I'm trying to direct all test and coverage output to a single .cache directory in my project, but pytest won't respect the cache_dir option I'm setting to .cache/pytest and keeps creating .pytest_cache instead. This used to work fine in another project with pytest 3.3.0.
$ cat setup.cfg
[pycodestyle]
ignore = E123,E126,E501
[tool:pytest]
testpaths = tests
cache_dir = .cache/pytest
[coverage:run]
branch = True
source = snlint
data_file = .cache/cov/coverage
[coverage:report]
show_missing = True
sort = Name
exclude_lines =
# Have to re-enable the standard pragma
pragma: no cover
# Don't complain about missing debug-only code:
def __repr__
if config\.debug
# Don't complain if tests don't hit defensive assertion code:
raise AssertionError
raise NotImplementedError
assert 0
assert False
# Don't complain if non-runnable code isn't run:
if 0:
if False:
if __name__ == .__main__.:
[coverage:html]
directory = .cache/cov/cov_html
[coverage:xml]
output = .cache/cov/cov.xml
$ pytest \
-c setup.cfg \
-vv \
--cov snlint \
--cov-config setup.cfg \
--cov-report html \
--cov-report xml \
--cov-report term-missing
============================================================================================================================================================================ test session starts ============================================================================================================================================================================
platform linux -- Python 3.6.3, pytest-3.4.1, py-1.5.2, pluggy-0.6.0 -- /home/sonaxaton/.local/share/virtualenvs/snlint-so_H9yU2/bin/python3.6
cachedir: .pytest_cache
rootdir: /home/sonaxaton/Dropbox/Programming/python/snlint, inifile: setup.cfg
plugins: cov-2.5.1
...
$ pip list
Package Version
---------------- -------
attrs 17.4.0
click 6.7
coverage 4.5.1
pip 9.0.1
pluggy 0.6.0
py 1.5.2
pycodestyle 2.3.1
pytest 3.4.1
pytest-cov 2.5.1
setuptools 38.5.1
six 1.11.0
sortedcontainers 1.5.9
wheel 0.30.0
I take it :)
Cool @feuillemorte, thanks! (In the future feel free to assign yourself to the issues if you want :wink:)
reproduced only with option "-c setup.cfg"
Seems that problem is in setup.cfg file:
[tool:pytest]
testpaths = tests
cache_dir = .cache/pytest
[tool:pytest] instead of [pytest]. If you fix it it will work fine:
cachedir: .cache/pytest
rootdir: /home/username/github/pytest-dev/pytest/pytest_3260, inifile: tests/setup_new.cfg
The problem is here:
https://github.com/pytest-dev/pytest/blob/44fa5a77d4544d22220704fab5ab494fb57f52ae/_pytest/config.py#L1326-L1349
Code goes in the first "if" and not calls getcfg function (which parses [tool:pytest] section) because inifilename defined by "-c" option:
def determine_setup(inifile, args, warnfunc=None):
dirs = get_dirs_from_args(args)
print('INI', inifile)
prints me
INI tests/setup_new.cfg
@nicoddemus is it a bug or smth was changed from 3.3.0 version?

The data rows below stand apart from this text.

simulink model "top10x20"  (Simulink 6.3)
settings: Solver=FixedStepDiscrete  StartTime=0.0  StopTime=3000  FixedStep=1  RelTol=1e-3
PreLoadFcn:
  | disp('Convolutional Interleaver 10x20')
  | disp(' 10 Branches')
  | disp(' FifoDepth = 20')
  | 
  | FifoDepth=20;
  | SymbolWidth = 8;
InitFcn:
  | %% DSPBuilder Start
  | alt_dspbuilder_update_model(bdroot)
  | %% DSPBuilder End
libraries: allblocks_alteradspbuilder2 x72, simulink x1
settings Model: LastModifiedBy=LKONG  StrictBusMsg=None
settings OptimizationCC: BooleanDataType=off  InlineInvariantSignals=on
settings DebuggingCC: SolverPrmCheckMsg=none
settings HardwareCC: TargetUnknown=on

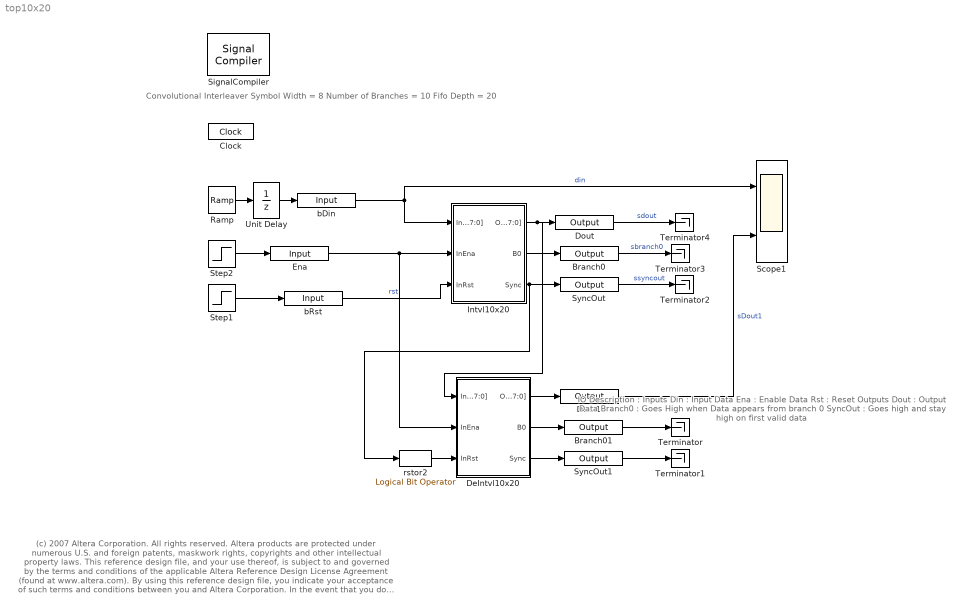
== system top10x20 ==
  note: (c) 2007 Altera Corporation. All rights reserved.  Altera products are protected under numerous U.S. and foreign patents, maskwork rights, copyrights and other intellectual property laws.
      | This reference design file, and your use thereof, is subject to and governed by the terms and conditions of the applicable Altera Reference Design License Agreement (found at www.altera.com).
      | By using this reference design file, you indicate your acceptance of such terms and conditions between you and Altera Corporation.
      | In the event that you do not agree with such terms and conditions, you may not use the reference design file and please promptly destroy any copies you have made.
      | This reference design file being provided on an "as-is" basis and as an accommodation and therefore all warranties, representations or guarantees of any kind (whether express, implied or statutory)
      | including, without limitation, warranties of merchantability, non-infringement, or fitness for a particular purpose, are specifically disclaimed.
      | By making this reference design file available, Altera expressly does not recommend, suggest or require that this reference design file be used in combination with any other product not provided by Altera
  note: IO Description :
      |
      | Inputs
      |            Din    : Input Data
      |            Ena   : Enable Data
      |            Rst    : Reset
      |
      | Outputs
      |           Dout        : Output Data
      |           Branch0 : Goes High when Data appears from branch 0
      |           SyncOut : Goes high and stay high on first valid data
  note: Convolutional Interleaver
      | Symbol Width = 8
      | Number of Branches = 10
      | Fifo Depth = 20
  Branch0 : allblocks_alteradspbuilder2/Output  iofile=d:\wsTrunk\workspace\Documentation\DesignExamples\Demos\Transforms\CrossInterleaver12x17\tb_top10x20\top10x20_Branch0.capture  BusType=Single Bit  bwl=1  bwr=0  PORTTYPE=Output
  Branch01 : allblocks_alteradspbuilder2/Output  iofile=d:\wsTrunk\workspace\Documentation\DesignExamples\Demos\Transforms\CrossInterleaver12x17\tb_top10x20\top10x20_Branch01.capture  BusType=Single Bit  bwl=1  bwr=0  PORTTYPE=Output
  Clock : allblocks_alteradspbuilder2/Clock  ClockPeriod=100  ClockPeriodUnit=ns  SampleTime=1  SimulationStartCycle=5  PhaseOffset=0  Reset=aclr  ResetType=Active Low  Export=off
  DeIntvl10x20 : Subsystem  AncestorBlock=ALTELINK/AltLab/HDL SubSystem
      mask Type: SubSystem AlteraBlockSet
  Dout : allblocks_alteradspbuilder2/Output  iofile=d:\wsTrunk\workspace\Documentation\DesignExamples\Demos\Transforms\CrossInterleaver12x17\tb_top10x20\top10x20_Dout.capture  BusType=Signed Integer  bwl=8  bwr=0  PORTTYPE=Output
  Dout1 : allblocks_alteradspbuilder2/Output  iofile=d:\wsTrunk\workspace\Documentation\DesignExamples\Demos\Transforms\CrossInterleaver12x17\tb_top10x20\top10x20_Dout1.capture  BusType=Signed Integer  bwl=8  bwr=0  PORTTYPE=Output
  Ena : allblocks_alteradspbuilder2/Input  iofile=d:\wsTrunk\workspace\Documentation\DesignExamples\Demos\Transforms\CrossInterleaver12x17\tb_top10x20\top10x20_Ena.salt  BusType=Single Bit  bwl=1  bwr=0  SpecifyClock=off  PORTTYPE=Input
  Intvl10x20 : Subsystem  AncestorBlock=ALTELINK/AltLab/HDL SubSystem
      mask Type: SubSystem AlteraBlockSet
  Ramp : simulink/Sources/Ramp  slope=1  start=0  X0=3
  Scope1 : Scope  NumInputPorts=2
      settings: YMin=-5~-5  YMax=5~5
  SignalCompiler : allblocks_alteradspbuilder2/Signal Compiler  DeviceFamily=Cyclone IV GX  DeviceName=AUTO  EnableSignalTap=off  SignalTapDepth=128  UseBoardBlock=off  StpUseDefaultClock=on  StpClock=Clock
  Step1 : Step  Time=3  Before=1  After=0  SampleTime=1
  Step2 : Step  SampleTime=1
  SyncOut : allblocks_alteradspbuilder2/Output  iofile=d:\wsTrunk\workspace\Documentation\DesignExamples\Demos\Transforms\CrossInterleaver12x17\tb_top10x20\top10x20_SyncOut.capture  BusType=Single Bit  bwl=1  bwr=0  PORTTYPE=Output
  SyncOut1 : allblocks_alteradspbuilder2/Output  iofile=d:\wsTrunk\workspace\Documentation\DesignExamples\Demos\Transforms\CrossInterleaver12x17\tb_top10x20\top10x20_SyncOut1.capture  BusType=Single Bit  bwl=1  bwr=0  PORTTYPE=Output
  Terminator{,1..4} (5 alike) : Terminator
  Unit Delay : UnitDelay
  bDin : allblocks_alteradspbuilder2/Input  iofile=d:\wsTrunk\workspace\Documentation\DesignExamples\Demos\Transforms\CrossInterleaver12x17\tb_top10x20\top10x20_bDin.salt  BusType=Signed Integer  bwl=8  bwr=0  SpecifyClock=off  PORTTYPE=Input
  bRst : allblocks_alteradspbuilder2/Input  iofile=d:\wsTrunk\workspace\Documentation\DesignExamples\Demos\Transforms\CrossInterleaver12x17\tb_top10x20\top10x20_bRst.salt  BusType=Single Bit  bwl=1  bwr=0  SpecifyClock=off  PORTTYPE=Input
  rstor2 : allblocks_alteradspbuilder2/Logical Bit Operator  LogicalOperator=NOT  user_inputs=2
  wires:
  Intvl10x20/1(Out1[7:0]) -> Dout/1, DeIntvl10x20/1(InDin[7:0])
  bDin/1 -> Scope1/1, Intvl10x20/1(InDin[7:0])  "din"
  Ena/1 -> DeIntvl10x20/2(InEna), Intvl10x20/2(InEna)
  bRst/1 -> Intvl10x20/3(InRst)  "rst"
  Ramp/1 -> Unit Delay/1
  Step1/1 -> bRst/1
  Step2/1 -> Ena/1
  Intvl10x20/2(B0) -> Branch0/1
  Intvl10x20/3(Sync) -> SyncOut/1, rstor2/1
  Unit Delay/1 -> bDin/1
  rstor2/1 -> DeIntvl10x20/3(InRst)
  DeIntvl10x20/1(Out1[7:0]) -> Dout1/1
  DeIntvl10x20/2(B0) -> Branch01/1
  DeIntvl10x20/3(Sync) -> SyncOut1/1
  Dout1/1 -> Scope1/2  "sDout1"
  Branch01/1 -> Terminator/1
  SyncOut1/1 -> Terminator1/1
  SyncOut/1 -> Terminator2/1  "ssyncout"
  Branch0/1 -> Terminator3/1  "sbranch0"
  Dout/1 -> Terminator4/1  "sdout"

@feuillemorte thanks for the investigation! Now I see that this is actually a duplicate of #1831.
I think we should change that line to inicfg = iniconfig["tool:pytest"] when we are dealing with .cfg files, something like:
section = 'tool:pytest' if inifile.ext == '.cfg' else 'pytest'
try:
inicfg = iniconfig[section]
except KeyError:
inicfg = None
But section might be [tool:pytest] or [pytest] in .cfg file, isn't it?
Oh you are right, so we need to have a list of possible sections then, and check each one.
The current docs on this are unclear or pointing towards it being [tool:pytest], hence my confusion. I think they need to be updated as well to reflect whatever comes out of this. Also, [tool:pytest] should be preserved for backwards-compatibility.
@dbeckwith you are right, just to be clear:
setup.cfg files support [tool:pytest] (recommended) and [pytest] (deprecated, scheduled to be removed in #3086).tox.ini and pytest.ini support [pytest].EDIT: the bug here is that -c setup.cfg is not recognizing [tool:pytest], when in fact it should.
Okay, and the I guess the issue I was running into was that specifying the file with -c made it assume it was just some random config file and not setup.cfg?
Okay, and the I guess the issue I was running into was that specifying the file with -c made it assume it was just some random config file and not setup.cfg?
Exactly. If you don't pass -c then your example works as @feuillemorte mentioned, but this is a bug that we should fix.